Sport is the ultimate corollary here. You can win the World Cup or an Olympic medal and you'll be that thing forever. The thing is though, you'll also be whoever you are that day. Perhaps next time you don't qualify. That doesn't affect what happened before. You still did that thing, climbed that mountain, wrote a little slice of history.

Martha Graham

Martha Graham

It's our curse to be dissatisfied. When you're writing, you can edit forever. Eventually you just need to publish. When you're playing sport you can win the World Cup but you might feel that you should have won the one before. Or the one after.

what's old can be new

If creativity is combinational, if we combine the old with the new, if we sample older work, put a new twist on it, filter it through our own experience, then work you create now may become the backbone of something you make in the future.

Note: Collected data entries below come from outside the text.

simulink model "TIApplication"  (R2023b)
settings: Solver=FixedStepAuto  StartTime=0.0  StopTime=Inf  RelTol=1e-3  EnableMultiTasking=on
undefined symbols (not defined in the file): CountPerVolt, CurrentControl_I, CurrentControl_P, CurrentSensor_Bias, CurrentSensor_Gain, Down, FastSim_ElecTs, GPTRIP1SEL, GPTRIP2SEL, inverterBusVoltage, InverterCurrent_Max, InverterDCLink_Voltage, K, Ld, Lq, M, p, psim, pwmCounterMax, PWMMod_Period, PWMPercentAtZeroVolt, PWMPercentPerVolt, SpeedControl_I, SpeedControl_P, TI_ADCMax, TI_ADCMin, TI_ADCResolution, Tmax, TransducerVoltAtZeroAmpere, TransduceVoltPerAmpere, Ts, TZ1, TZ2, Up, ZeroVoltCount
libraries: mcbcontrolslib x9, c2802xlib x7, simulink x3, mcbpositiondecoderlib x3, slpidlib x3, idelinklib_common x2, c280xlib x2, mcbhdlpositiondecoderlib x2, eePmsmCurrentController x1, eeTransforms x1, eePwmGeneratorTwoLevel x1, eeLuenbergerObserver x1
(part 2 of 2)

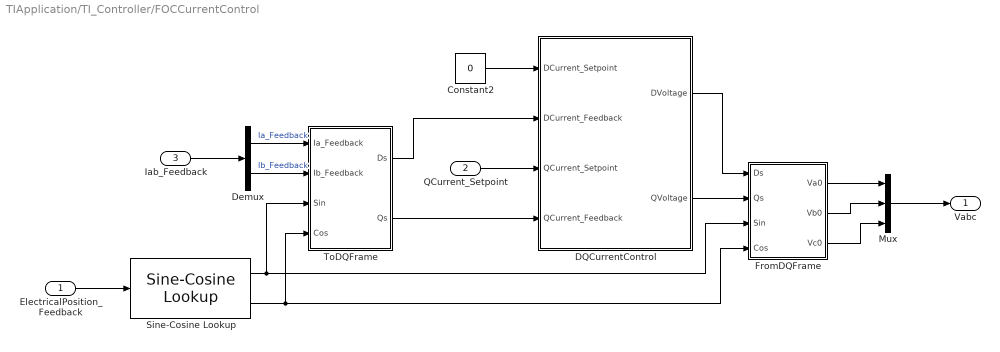
== system TIApplication/TI_Controller/FOCCurrentControl ==
  ElectricalPosition_Feedback : Inport
  QCurrent_Setpoint : Inport  Port=2
  Iab_Feedback : Inport  Port=3
  Constant2 : Constant  Value=0  OutDataTypeStr=Inherit: Inherit via back propagation  SampleTime=-1
  DQCurrentControl : Subsystem
  Demux : Demux  Outputs=2
  FromDQFrame : Subsystem
  Mux : Mux  Inputs=3
  Sine-Cosine Lookup : mcbcontrolslib/Sine-Cosine Lookup  AngleInput=Radians  N_points=1024
      settings: LibrarySourceBlock=mcblib/Controls/Math Transforms/Sine-Cosine Lookup
  ToDQFrame : Subsystem
  Vabc : Outport
  wires:
  Sine-Cosine Lookup/2 -> FromDQFrame/4(Cos), ToDQFrame/4(Cos)
  QCurrent_Setpoint/1 -> DQCurrentControl/3(QCurrent_Setpoint)
  Iab_Feedback/1 -> Demux/1
  Sine-Cosine Lookup/1 -> FromDQFrame/3(Sin), ToDQFrame/3(Sin)
  Constant2/1 -> DQCurrentControl/1(DCurrent_Setpoint)
  Mux/1 -> Vabc/1
  ElectricalPosition_Feedback/1 -> Sine-Cosine Lookup/1
  Demux/1 -> ToDQFrame/1(Ia_Feedback)  "Ia_Feedback"
  Demux/2 -> ToDQFrame/2(Ib_Feedback)  "Ib_Feedback"
  ToDQFrame/1(Ds) -> DQCurrentControl/2(DCurrent_Feedback)
  ToDQFrame/2(Qs) -> DQCurrentControl/4(QCurrent_Feedback)
  DQCurrentControl/1(DVoltage) -> FromDQFrame/1(Ds)
  DQCurrentControl/2(QVoltage) -> FromDQFrame/2(Qs)
  FromDQFrame/1(Va0) -> Mux/1
  FromDQFrame/2(Vb0) -> Mux/2
  FromDQFrame/3(Vc0) -> Mux/3

== system TIApplication/TI_Controller/PUToPWMPercent ==
  Vabc : Inport
  Add : Sum
  Constant : Constant  Value=PWMPercentPerVolt  OutDataTypeStr=Inherit: Inherit via back propagation  SampleTime=-1
  Constant2 : Constant  Value=PWMPercentAtZeroVolt  OutDataTypeStr=Inherit: Inherit via back propagation  SampleTime=-1
  Data Type Conversion : DataTypeConversion  OutDataTypeStr=uint16  SaturateOnIntegerOverflow=off  RndMeth=Floor
  Product : Product  OutDataTypeStr=Inherit: Inherit via back propagation
  Saturation : Saturate  UpperLimit=100  LowerLimit=0
  DutyCyclePercent : Outport
  wires:
  Vabc/1 -> Product/1
  Add/1 -> Saturation/1
  Constant/1 -> Product/2
  Product/1 -> Add/1
  Constant2/1 -> Add/2
  Saturation/1 -> Data Type Conversion/1
  Data Type Conversion/1 -> DutyCyclePercent/1

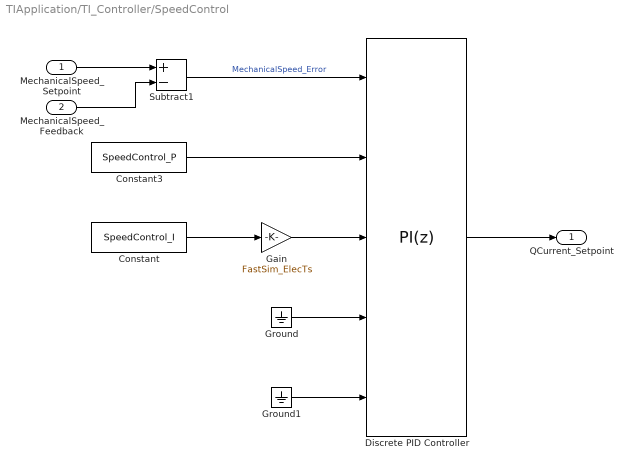
== system TIApplication/TI_Controller/SpeedControl ==
  MechanicalSpeed_Setpoint : Inport
  MechanicalSpeed_Feedback : Inport  Port=2
  Constant : Constant  Value=SpeedControl_I  OutDataTypeStr=Inherit: Inherit via back propagation  SampleTime=-1
  Constant3 : Constant  Value=SpeedControl_P  OutDataTypeStr=Inherit: Inherit via back propagation  SampleTime=-1
  Discrete PID Controller : slpidlib/PID Controller  Controller=PI  Form=Parallel  TimeDomain=Discrete-time  UseExternalTs=off  SampleTime=-1  IntegratorMethod=Forward Euler  FilterMethod=Forward Euler  ControllerParametersSource=external  P=1  I=1  UseKiTs=on  D=0  N=100  UseFilter=on  TunerSelectOption=Transfer Function Based (PID Tuner App)  InitialConditionSource=external  InitialConditionForIntegrator=0  InitialConditionForFilter=0  DifferentiatorICPrevScaledInput=0  ExternalReset=level  TrackingMode=off  Kt=1  LimitOutput=on  SatLimitsSource=internal  UpperSaturationLimit=InverterCurrent_Max  LowerSaturationLimit=-InverterCurrent_Max  LinearizeAsGain=on  AntiWindupMode=none  Kb=1  LimitIntegrator=off  UpperIntegratorSaturationLimit=inf  LowerIntegratorSaturationLimit=-inf  RndMeth=Simplest  POutMin=[]  POutMax=[]  IOutMin=[]  IOutMax=[]  DOutMin=[]  DOutMax=[]  NOutMin=[]  NOutMax=[]  SumOutMin=[]  SumOutMax=[]  SaturationOutMin=[]  SaturationOutMax=[]  PParamMin=[]  PParamMax=[]  IParamMin=[]  IParamMax=[]  DParamMin=[]  DParamMax=[]  NParamMin=[]  NParamMax=[]  KbParamMin=[]  KbParamMax=[]  KtParamMin=[]  KtParamMax=[]  KbOutMin=[]  KbOutMax=[]  KtOutMin=[]  KtOutMax=[]  IntegratorOutMin=[]  IntegratorOutMax=[]  FilterOutMin=[]  FilterOutMax=[]  SumI1OutMin=[]  SumI1OutMax=[]  SumI2OutMin=[]  SumI2OutMax=[]  SumI3OutMin=[]  SumI3OutMax=[]  SumI4OutMin=[]  SumI4OutMax=[]  SumDOutMin=[]  SumDOutMax=[]  DifferentiatorOutMin=[]  DifferentiatorOutMax=[]  FilterDiffOutCoefMin=[]  FilterDiffOutCoefMax=[]  ReciprocalOutMin=[]  ReciprocalOutMax=[]  SumDenOutMin=[]  SumDenOutMax=[]  SumNumOutMin=[]  SumNumOutMax=[]  DivideOutMin=[]  DivideOutMax=[]  UdiffTsProdOutMin=[]  UdiffTsProdOutMax=[]  NTsProdOutMin=[]  NTsProdOutMax=[]  UintegralTsProdOutMin=[]  UintegralTsProdOutMax=[]  UngainTsProdOutMin=[]  UngainTsProdOutMax=[]  ClampingZeroOutDataTypeStr=Inherit: Inherit via back propagation  ClampingZeroOutMin=[]  ClampingZeroOutMax=[]  FilterDenConstantOutDataTypeStr=Inherit: Inherit via back propagation  FilterDenConstantOutMin=[]  FilterDenConstantOutMax=[]  PCopyOutDataTypeStr=Inherit: Inherit via back propagation  PCopyOutMin=[]  PCopyOutMax=[]  NCopyOutDataTypeStr=Inherit: Inherit via back propagation  NCopyOutMin=[]  NCopyOutMax=[]  IntegratorContinuousStateAttributes=''  IntegratorStateMustResolveToSignalObject=off  IntegratorRTWStateStorageClass=Auto  FilterContinuousStateAttributes=''  FilterStateMustResolveToSignalObject=off  FilterRTWStateStorageClass=Auto  ParallelPVariant=ExternalParameters  IdealPVariant=Disabled  IVariant=ExternalParameters  DVariant=Disabled  IntegratorVariant=Discrete  SatVariant=Enabled  AWVariant=Passthrough  PCopyVariant=Disabled  TRVariant=Disabled  FdbkBlocksVariant=Forward  IdealPFdbkVariant=Disabled  SatFdbkVariant=Disabled  DerivativeFilterVariant=Disabled  NVariant=Disabled  NCopyVariant=Disabled_SignalSpec  FilterICVariant=Disabled  IntegratorICVariant=ExternalICs  ExternalResetVariant=ExternalReset  TRSumVariant=Passthrough  SumFdbkVariant=Disabled  SumVariant=Sum_PI  TsampFilterVariant=InternalTs  TsampNgainVariant=Passthrough  TsampIntegralVariant=Disabled_SignalSpec  ExternalSaturationOutDataTypeStr=Inherit: Same as second input
      settings: LibrarySourceBlock=simulink/Discrete/Discrete PID Controller
  Gain : Gain  Gain=FastSim_ElecTs
  Ground : Ground
  Ground1 : Ground
  Subtract1 : Sum  Inputs=+-
  QCurrent_Setpoint : Outport
  wires:
  Constant/1 -> Gain/1
  MechanicalSpeed_Feedback/1 -> Subtract1/2
  Ground/1 -> Discrete PID Controller/4
  Subtract1/1 -> Discrete PID Controller/1  "MechanicalSpeed_Error"
  Constant3/1 -> Discrete PID Controller/2
  Gain/1 -> Discrete PID Controller/3
  Discrete PID Controller/1 -> QCurrent_Setpoint/1
  MechanicalSpeed_Setpoint/1 -> Subtract1/1
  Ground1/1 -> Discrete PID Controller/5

Barbarian Days by William Finnegan was a model for my book Fringes. It's an amazing piece of work about a man's life as a surfer. Not a professional but evidently a skilled practitioner. What surprised me when researching the book after I'd finished was how much of the material appeared elsewhere, reconstituted from magazine articles or hinted at in newspaper clippings. Finnegan had evidently tested his work in the wild before refining and collating it into the finished object, a Pulitzer Prize winning memoir.

The act of publishing doesn't mean that you can't touch that work again. In fact, you almost lay claim to your words, to your ideas and give yourself the license to use them again. You can reference yourself and create a tapestry of old and new. That's essentially what happens when you create in the first place anyway.

The upshot is that I'm going to work through some of these posts, these half-formed ideas and test them out here, following their threads to a conclusion. Or not. Whatever comes of them, there's no way they won't be of use to me. I just hope they're of use to you too.